[[ DATA TO PROCESS, beginning ]]
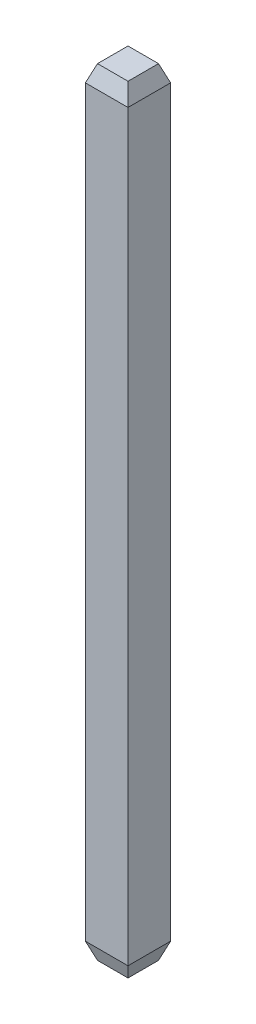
from build123d import *
from OCP.BRepFilletAPI import BRepFilletAPI_MakeChamfer

# Parameters (mm, degrees)
SKETCH_1_W      = 0.64
SKETCH_1_H      = 0.64
EXTRUDE_1_DEPTH = 11.66
CHAMFER_1_SIZE  = 0.25
CHAMFER_1_SIZE2 = 0.090992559
CHAMFER_2_SIZE  = 0.25
CHAMFER_2_SIZE2 = 0.090992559


with BuildPart() as part:
    # Sketch 1 → Extrude 1 (new body)
    with BuildSketch(Plane(origin=(0, 0, 0), x_dir=(1, 0, 0), z_dir=(0, 1, 0))):
        Rectangle(SKETCH_1_W, SKETCH_1_H)
    extrude(amount=EXTRUDE_1_DEPTH)

    # Chamfer 1: one chamfer whose edges measure the first distance from different faces: ONE call of the kernel's chamfer builder (chamfer() names one face for all edges)
    chamfer_1_edges_1 = [part.edges().sort_by_distance(p)[0] for p in [
        (-0.32, 11.66, 0),
    ]]
    chamfer_1_side_1 = [part.faces().sort_by_distance(p)[0] for p in [
        (-0.32, 5.83, 0),
    ]]
    chamfer_1_edges_2 = [part.edges().sort_by_distance(p)[0] for p in [
        (0, 11.66, 0.32),
    ]]
    chamfer_1_side_2 = [part.faces().sort_by_distance(p)[0] for p in [
        (0, 5.83, 0.32),
    ]]
    chamfer_1_edges_3 = [part.edges().sort_by_distance(p)[0] for p in [
        (0.32, 11.66, 0),
    ]]
    chamfer_1_side_3 = [part.faces().sort_by_distance(p)[0] for p in [
        (0.32, 5.83, 0),
    ]]
    chamfer_1_edges_4 = [part.edges().sort_by_distance(p)[0] for p in [
        (0, 11.66, -0.32),
    ]]
    chamfer_1_side_4 = [part.faces().sort_by_distance(p)[0] for p in [
        (0, 5.83, -0.32),
    ]]
    chamfer_1 = BRepFilletAPI_MakeChamfer(part.part.solid().wrapped)
    for e in chamfer_1_edges_1:
        chamfer_1.Add(CHAMFER_1_SIZE, CHAMFER_1_SIZE2, e.wrapped, chamfer_1_side_1[0].wrapped)  # the first distance lies on this face
    for e in chamfer_1_edges_2:
        chamfer_1.Add(CHAMFER_1_SIZE, CHAMFER_1_SIZE2, e.wrapped, chamfer_1_side_2[0].wrapped)  # the first distance lies on this face
    for e in chamfer_1_edges_3:
        chamfer_1.Add(CHAMFER_1_SIZE, CHAMFER_1_SIZE2, e.wrapped, chamfer_1_side_3[0].wrapped)  # the first distance lies on this face
    for e in chamfer_1_edges_4:
        chamfer_1.Add(CHAMFER_1_SIZE, CHAMFER_1_SIZE2, e.wrapped, chamfer_1_side_4[0].wrapped)  # the first distance lies on this face
    add(Compound.cast(chamfer_1.Shape()), mode=Mode.REPLACE)

    # Chamfer 2: one chamfer whose edges measure the first distance from different faces: ONE call of the kernel's chamfer builder (chamfer() names one face for all edges)
    chamfer_2_edges_1 = [part.edges().sort_by_distance(p)[0] for p in [
        (0, 0, 0.32),
    ]]
    chamfer_2_side_1 = [part.faces().sort_by_distance(p)[0] for p in [
        (0, 5.705, 0.32),
    ]]
    chamfer_2_edges_2 = [part.edges().sort_by_distance(p)[0] for p in [
        (-0.32, 0, 0),
    ]]
    chamfer_2_side_2 = [part.faces().sort_by_distance(p)[0] for p in [
        (-0.32, 5.705, 0),
    ]]
    chamfer_2_edges_3 = [part.edges().sort_by_distance(p)[0] for p in [
        (0, 0, -0.32),
    ]]
    chamfer_2_side_3 = [part.faces().sort_by_distance(p)[0] for p in [
        (0, 5.705, -0.32),
    ]]
    chamfer_2_edges_4 = [part.edges().sort_by_distance(p)[0] for p in [
        (0.32, 0, 0),
    ]]
    chamfer_2_side_4 = [part.faces().sort_by_distance(p)[0] for p in [
        (0.32, 5.705, 0),
    ]]
    chamfer_2 = BRepFilletAPI_MakeChamfer(part.part.solid().wrapped)
    for e in chamfer_2_edges_1:
        chamfer_2.Add(CHAMFER_2_SIZE, CHAMFER_2_SIZE2, e.wrapped, chamfer_2_side_1[0].wrapped)  # the first distance lies on this face
    for e in chamfer_2_edges_2:
        chamfer_2.Add(CHAMFER_2_SIZE, CHAMFER_2_SIZE2, e.wrapped, chamfer_2_side_2[0].wrapped)  # the first distance lies on this face
    for e in chamfer_2_edges_3:
        chamfer_2.Add(CHAMFER_2_SIZE, CHAMFER_2_SIZE2, e.wrapped, chamfer_2_side_3[0].wrapped)  # the first distance lies on this face
    for e in chamfer_2_edges_4:
        chamfer_2.Add(CHAMFER_2_SIZE, CHAMFER_2_SIZE2, e.wrapped, chamfer_2_side_4[0].wrapped)  # the first distance lies on this face
    add(Compound.cast(chamfer_2.Shape()), mode=Mode.REPLACE)


solid = part.part
[[ DATA TO PROCESS, end ]]
== WHAT THE TASK REQUIRES ==
Each record should be printed again precisely, though not its pictures.

== RESPONSE TO THE TASK ==
from build123d import *
from OCP.BRepFilletAPI import BRepFilletAPI_MakeChamfer

# Parameters (mm, degrees)
SKETCH_1_W      = 0.64
SKETCH_1_H      = 0.64
EXTRUDE_1_DEPTH = 11.66
CHAMFER_1_SIZE  = 0.25
CHAMFER_1_SIZE2 = 0.090992559
CHAMFER_2_SIZE  = 0.25
CHAMFER_2_SIZE2 = 0.090992559


with BuildPart() as part:
    # Sketch 1 → Extrude 1 (new body)
    with BuildSketch(Plane(origin=(0, 0, 0), x_dir=(1, 0, 0), z_dir=(0, 1, 0))):
        Rectangle(SKETCH_1_W, SKETCH_1_H)
    extrude(amount=EXTRUDE_1_DEPTH)

    # Chamfer 1: one chamfer whose edges measure the first distance from different faces: ONE call of the kernel's chamfer builder (chamfer() names one face for all edges)
    chamfer_1_edges_1 = [part.edges().sort_by_distance(p)[0] for p in [
        (-0.32, 11.66, 0),
    ]]
    chamfer_1_side_1 = [part.faces().sort_by_distance(p)[0] for p in [
        (-0.32, 5.83, 0),
    ]]
    chamfer_1_edges_2 = [part.edges().sort_by_distance(p)[0] for p in [
        (0, 11.66, 0.32),
    ]]
    chamfer_1_side_2 = [part.faces().sort_by_distance(p)[0] for p in [
        (0, 5.83, 0.32),
    ]]
    chamfer_1_edges_3 = [part.edges().sort_by_distance(p)[0] for p in [
        (0.32, 11.66, 0),
    ]]
    chamfer_1_side_3 = [part.faces().sort_by_distance(p)[0] for p in [
        (0.32, 5.83, 0),
    ]]
    chamfer_1_edges_4 = [part.edges().sort_by_distance(p)[0] for p in [
        (0, 11.66, -0.32),
    ]]
    chamfer_1_side_4 = [part.faces().sort_by_distance(p)[0] for p in [
        (0, 5.83, -0.32),
    ]]
    chamfer_1 = BRepFilletAPI_MakeChamfer(part.part.solid().wrapped)
    for e in chamfer_1_edges_1:
        chamfer_1.Add(CHAMFER_1_SIZE, CHAMFER_1_SIZE2, e.wrapped, chamfer_1_side_1[0].wrapped)  # the first distance lies on this face
    for e in chamfer_1_edges_2:
        chamfer_1.Add(CHAMFER_1_SIZE, CHAMFER_1_SIZE2, e.wrapped, chamfer_1_side_2[0].wrapped)  # the first distance lies on this face
    for e in chamfer_1_edges_3:
        chamfer_1.Add(CHAMFER_1_SIZE, CHAMFER_1_SIZE2, e.wrapped, chamfer_1_side_3[0].wrapped)  # the first distance lies on this face
    for e in chamfer_1_edges_4:
        chamfer_1.Add(CHAMFER_1_SIZE, CHAMFER_1_SIZE2, e.wrapped, chamfer_1_side_4[0].wrapped)  # the first distance lies on this face
    add(Compound.cast(chamfer_1.Shape()), mode=Mode.REPLACE)

    # Chamfer 2: one chamfer whose edges measure the first distance from different faces: ONE call of the kernel's chamfer builder (chamfer() names one face for all edges)
    chamfer_2_edges_1 = [part.edges().sort_by_distance(p)[0] for p in [
        (0, 0, 0.32),
    ]]
    chamfer_2_side_1 = [part.faces().sort_by_distance(p)[0] for p in [
        (0, 5.705, 0.32),
    ]]
    chamfer_2_edges_2 = [part.edges().sort_by_distance(p)[0] for p in [
        (-0.32, 0, 0),
    ]]
    chamfer_2_side_2 = [part.faces().sort_by_distance(p)[0] for p in [
        (-0.32, 5.705, 0),
    ]]
    chamfer_2_edges_3 = [part.edges().sort_by_distance(p)[0] for p in [
        (0, 0, -0.32),
    ]]
    chamfer_2_side_3 = [part.faces().sort_by_distance(p)[0] for p in [
        (0, 5.705, -0.32),
    ]]
    chamfer_2_edges_4 = [part.edges().sort_by_distance(p)[0] for p in [
        (0.32, 0, 0),
    ]]
    chamfer_2_side_4 = [part.faces().sort_by_distance(p)[0] for p in [
        (0.32, 5.705, 0),
    ]]
    chamfer_2 = BRepFilletAPI_MakeChamfer(part.part.solid().wrapped)
    for e in chamfer_2_edges_1:
        chamfer_2.Add(CHAMFER_2_SIZE, CHAMFER_2_SIZE2, e.wrapped, chamfer_2_side_1[0].wrapped)  # the first distance lies on this face
    for e in chamfer_2_edges_2:
        chamfer_2.Add(CHAMFER_2_SIZE, CHAMFER_2_SIZE2, e.wrapped, chamfer_2_side_2[0].wrapped)  # the first distance lies on this face
    for e in chamfer_2_edges_3:
        chamfer_2.Add(CHAMFER_2_SIZE, CHAMFER_2_SIZE2, e.wrapped, chamfer_2_side_3[0].wrapped)  # the first distance lies on this face
    for e in chamfer_2_edges_4:
        chamfer_2.Add(CHAMFER_2_SIZE, CHAMFER_2_SIZE2, e.wrapped, chamfer_2_side_4[0].wrapped)  # the first distance lies on this face
    add(Compound.cast(chamfer_2.Shape()), mode=Mode.REPLACE)


solid = part.part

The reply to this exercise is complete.